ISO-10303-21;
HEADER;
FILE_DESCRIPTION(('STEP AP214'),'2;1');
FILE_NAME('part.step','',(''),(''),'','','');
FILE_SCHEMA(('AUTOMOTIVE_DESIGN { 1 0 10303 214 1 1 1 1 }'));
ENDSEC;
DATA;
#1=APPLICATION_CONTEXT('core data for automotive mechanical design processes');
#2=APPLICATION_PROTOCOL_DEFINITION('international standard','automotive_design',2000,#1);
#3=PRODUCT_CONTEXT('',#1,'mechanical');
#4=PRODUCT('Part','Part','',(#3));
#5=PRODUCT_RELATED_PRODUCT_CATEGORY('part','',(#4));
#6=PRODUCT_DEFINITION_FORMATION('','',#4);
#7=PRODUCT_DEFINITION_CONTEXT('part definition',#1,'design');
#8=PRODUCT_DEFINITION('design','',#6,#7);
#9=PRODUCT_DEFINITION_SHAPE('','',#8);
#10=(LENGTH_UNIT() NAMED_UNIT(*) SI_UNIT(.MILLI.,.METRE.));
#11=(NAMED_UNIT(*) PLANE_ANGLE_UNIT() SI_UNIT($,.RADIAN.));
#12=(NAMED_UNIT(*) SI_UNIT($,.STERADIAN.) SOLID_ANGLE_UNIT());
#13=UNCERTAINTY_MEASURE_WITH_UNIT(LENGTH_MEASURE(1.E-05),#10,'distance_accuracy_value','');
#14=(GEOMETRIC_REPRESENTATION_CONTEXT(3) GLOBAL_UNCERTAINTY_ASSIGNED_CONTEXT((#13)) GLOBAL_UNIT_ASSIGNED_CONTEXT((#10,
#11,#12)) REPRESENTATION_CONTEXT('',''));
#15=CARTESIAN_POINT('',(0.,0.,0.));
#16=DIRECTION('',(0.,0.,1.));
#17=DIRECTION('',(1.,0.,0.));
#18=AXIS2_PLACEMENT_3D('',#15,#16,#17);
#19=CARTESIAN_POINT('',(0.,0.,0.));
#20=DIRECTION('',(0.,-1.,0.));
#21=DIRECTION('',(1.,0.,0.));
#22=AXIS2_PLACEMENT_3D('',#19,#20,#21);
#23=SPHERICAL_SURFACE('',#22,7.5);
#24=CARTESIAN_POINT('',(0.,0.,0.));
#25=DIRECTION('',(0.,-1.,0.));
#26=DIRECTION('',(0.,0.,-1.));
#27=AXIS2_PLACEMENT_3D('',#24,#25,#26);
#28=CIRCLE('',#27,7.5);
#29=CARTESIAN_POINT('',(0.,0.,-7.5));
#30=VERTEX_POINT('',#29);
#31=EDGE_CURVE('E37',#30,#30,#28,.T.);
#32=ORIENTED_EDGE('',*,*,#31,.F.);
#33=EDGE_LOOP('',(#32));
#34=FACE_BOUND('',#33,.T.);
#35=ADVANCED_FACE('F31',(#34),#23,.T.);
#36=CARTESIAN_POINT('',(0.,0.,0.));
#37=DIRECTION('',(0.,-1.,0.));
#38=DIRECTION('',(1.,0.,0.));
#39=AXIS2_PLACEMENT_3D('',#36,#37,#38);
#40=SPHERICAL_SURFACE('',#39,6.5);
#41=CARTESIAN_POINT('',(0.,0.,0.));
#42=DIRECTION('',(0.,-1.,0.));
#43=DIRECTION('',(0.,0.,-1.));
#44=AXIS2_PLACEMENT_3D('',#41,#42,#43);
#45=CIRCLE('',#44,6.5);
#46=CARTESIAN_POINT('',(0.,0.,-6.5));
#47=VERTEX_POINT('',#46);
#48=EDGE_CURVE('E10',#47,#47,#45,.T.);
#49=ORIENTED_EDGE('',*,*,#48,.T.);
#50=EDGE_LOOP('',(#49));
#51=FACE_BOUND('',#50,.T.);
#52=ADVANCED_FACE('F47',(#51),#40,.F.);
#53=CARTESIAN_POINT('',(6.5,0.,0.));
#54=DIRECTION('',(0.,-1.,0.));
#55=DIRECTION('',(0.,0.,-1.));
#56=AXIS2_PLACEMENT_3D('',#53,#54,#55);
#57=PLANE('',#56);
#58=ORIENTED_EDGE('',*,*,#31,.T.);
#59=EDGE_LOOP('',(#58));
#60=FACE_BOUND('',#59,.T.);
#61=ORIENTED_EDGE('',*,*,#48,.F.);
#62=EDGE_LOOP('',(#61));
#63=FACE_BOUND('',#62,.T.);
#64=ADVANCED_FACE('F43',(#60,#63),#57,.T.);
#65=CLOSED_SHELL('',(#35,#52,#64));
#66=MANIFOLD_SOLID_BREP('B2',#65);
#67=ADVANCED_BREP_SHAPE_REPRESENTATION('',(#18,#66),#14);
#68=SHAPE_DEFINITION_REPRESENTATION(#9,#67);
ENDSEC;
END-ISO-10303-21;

### Activity
Without any change, reproduce the listing above in full.

### Solution to the problem
ISO-10303-21;
HEADER;
FILE_DESCRIPTION(('STEP AP214'),'2;1');
FILE_NAME('part.step','',(''),(''),'','','');
FILE_SCHEMA(('AUTOMOTIVE_DESIGN { 1 0 10303 214 1 1 1 1 }'));
ENDSEC;
DATA;
#1=APPLICATION_CONTEXT('core data for automotive mechanical design processes');
#2=APPLICATION_PROTOCOL_DEFINITION('international standard','automotive_design',2000,#1);
#3=PRODUCT_CONTEXT('',#1,'mechanical');
#4=PRODUCT('Part','Part','',(#3));
#5=PRODUCT_RELATED_PRODUCT_CATEGORY('part','',(#4));
#6=PRODUCT_DEFINITION_FORMATION('','',#4);
#7=PRODUCT_DEFINITION_CONTEXT('part definition',#1,'design');
#8=PRODUCT_DEFINITION('design','',#6,#7);
#9=PRODUCT_DEFINITION_SHAPE('','',#8);
#10=(LENGTH_UNIT() NAMED_UNIT(*) SI_UNIT(.MILLI.,.METRE.));
#11=(NAMED_UNIT(*) PLANE_ANGLE_UNIT() SI_UNIT($,.RADIAN.));
#12=(NAMED_UNIT(*) SI_UNIT($,.STERADIAN.) SOLID_ANGLE_UNIT());
#13=UNCERTAINTY_MEASURE_WITH_UNIT(LENGTH_MEASURE(1.E-05),#10,'distance_accuracy_value','');
#14=(GEOMETRIC_REPRESENTATION_CONTEXT(3) GLOBAL_UNCERTAINTY_ASSIGNED_CONTEXT((#13)) GLOBAL_UNIT_ASSIGNED_CONTEXT((#10,
#11,#12)) REPRESENTATION_CONTEXT('',''));
#15=CARTESIAN_POINT('',(0.,0.,0.));
#16=DIRECTION('',(0.,0.,1.));
#17=DIRECTION('',(1.,0.,0.));
#18=AXIS2_PLACEMENT_3D('',#15,#16,#17);
#19=CARTESIAN_POINT('',(0.,0.,0.));
#20=DIRECTION('',(0.,-1.,0.));
#21=DIRECTION('',(1.,0.,0.));
#22=AXIS2_PLACEMENT_3D('',#19,#20,#21);
#23=SPHERICAL_SURFACE('',#22,7.5);
#24=CARTESIAN_POINT('',(0.,0.,0.));
#25=DIRECTION('',(0.,-1.,0.));
#26=DIRECTION('',(0.,0.,-1.));
#27=AXIS2_PLACEMENT_3D('',#24,#25,#26);
#28=CIRCLE('',#27,7.5);
#29=CARTESIAN_POINT('',(0.,0.,-7.5));
#30=VERTEX_POINT('',#29);
#31=EDGE_CURVE('E37',#30,#30,#28,.T.);
#32=ORIENTED_EDGE('',*,*,#31,.F.);
#33=EDGE_LOOP('',(#32));
#34=FACE_BOUND('',#33,.T.);
#35=ADVANCED_FACE('F31',(#34),#23,.T.);
#36=CARTESIAN_POINT('',(0.,0.,0.));
#37=DIRECTION('',(0.,-1.,0.));
#38=DIRECTION('',(1.,0.,0.));
#39=AXIS2_PLACEMENT_3D('',#36,#37,#38);
#40=SPHERICAL_SURFACE('',#39,6.5);
#41=CARTESIAN_POINT('',(0.,0.,0.));
#42=DIRECTION('',(0.,-1.,0.));
#43=DIRECTION('',(0.,0.,-1.));
#44=AXIS2_PLACEMENT_3D('',#41,#42,#43);
#45=CIRCLE('',#44,6.5);
#46=CARTESIAN_POINT('',(0.,0.,-6.5));
#47=VERTEX_POINT('',#46);
#48=EDGE_CURVE('E10',#47,#47,#45,.T.);
#49=ORIENTED_EDGE('',*,*,#48,.T.);
#50=EDGE_LOOP('',(#49));
#51=FACE_BOUND('',#50,.T.);
#52=ADVANCED_FACE('F47',(#51),#40,.F.);
#53=CARTESIAN_POINT('',(6.5,0.,0.));
#54=DIRECTION('',(0.,-1.,0.));
#55=DIRECTION('',(0.,0.,-1.));
#56=AXIS2_PLACEMENT_3D('',#53,#54,#55);
#57=PLANE('',#56);
#58=ORIENTED_EDGE('',*,*,#31,.T.);
#59=EDGE_LOOP('',(#58));
#60=FACE_BOUND('',#59,.T.);
#61=ORIENTED_EDGE('',*,*,#48,.F.);
#62=EDGE_LOOP('',(#61));
#63=FACE_BOUND('',#62,.T.);
#64=ADVANCED_FACE('F43',(#60,#63),#57,.T.);
#65=CLOSED_SHELL('',(#35,#52,#64));
#66=MANIFOLD_SOLID_BREP('B2',#65);
#67=ADVANCED_BREP_SHAPE_REPRESENTATION('',(#18,#66),#14);
#68=SHAPE_DEFINITION_REPRESENTATION(#9,#67);
ENDSEC;
END-ISO-10303-21;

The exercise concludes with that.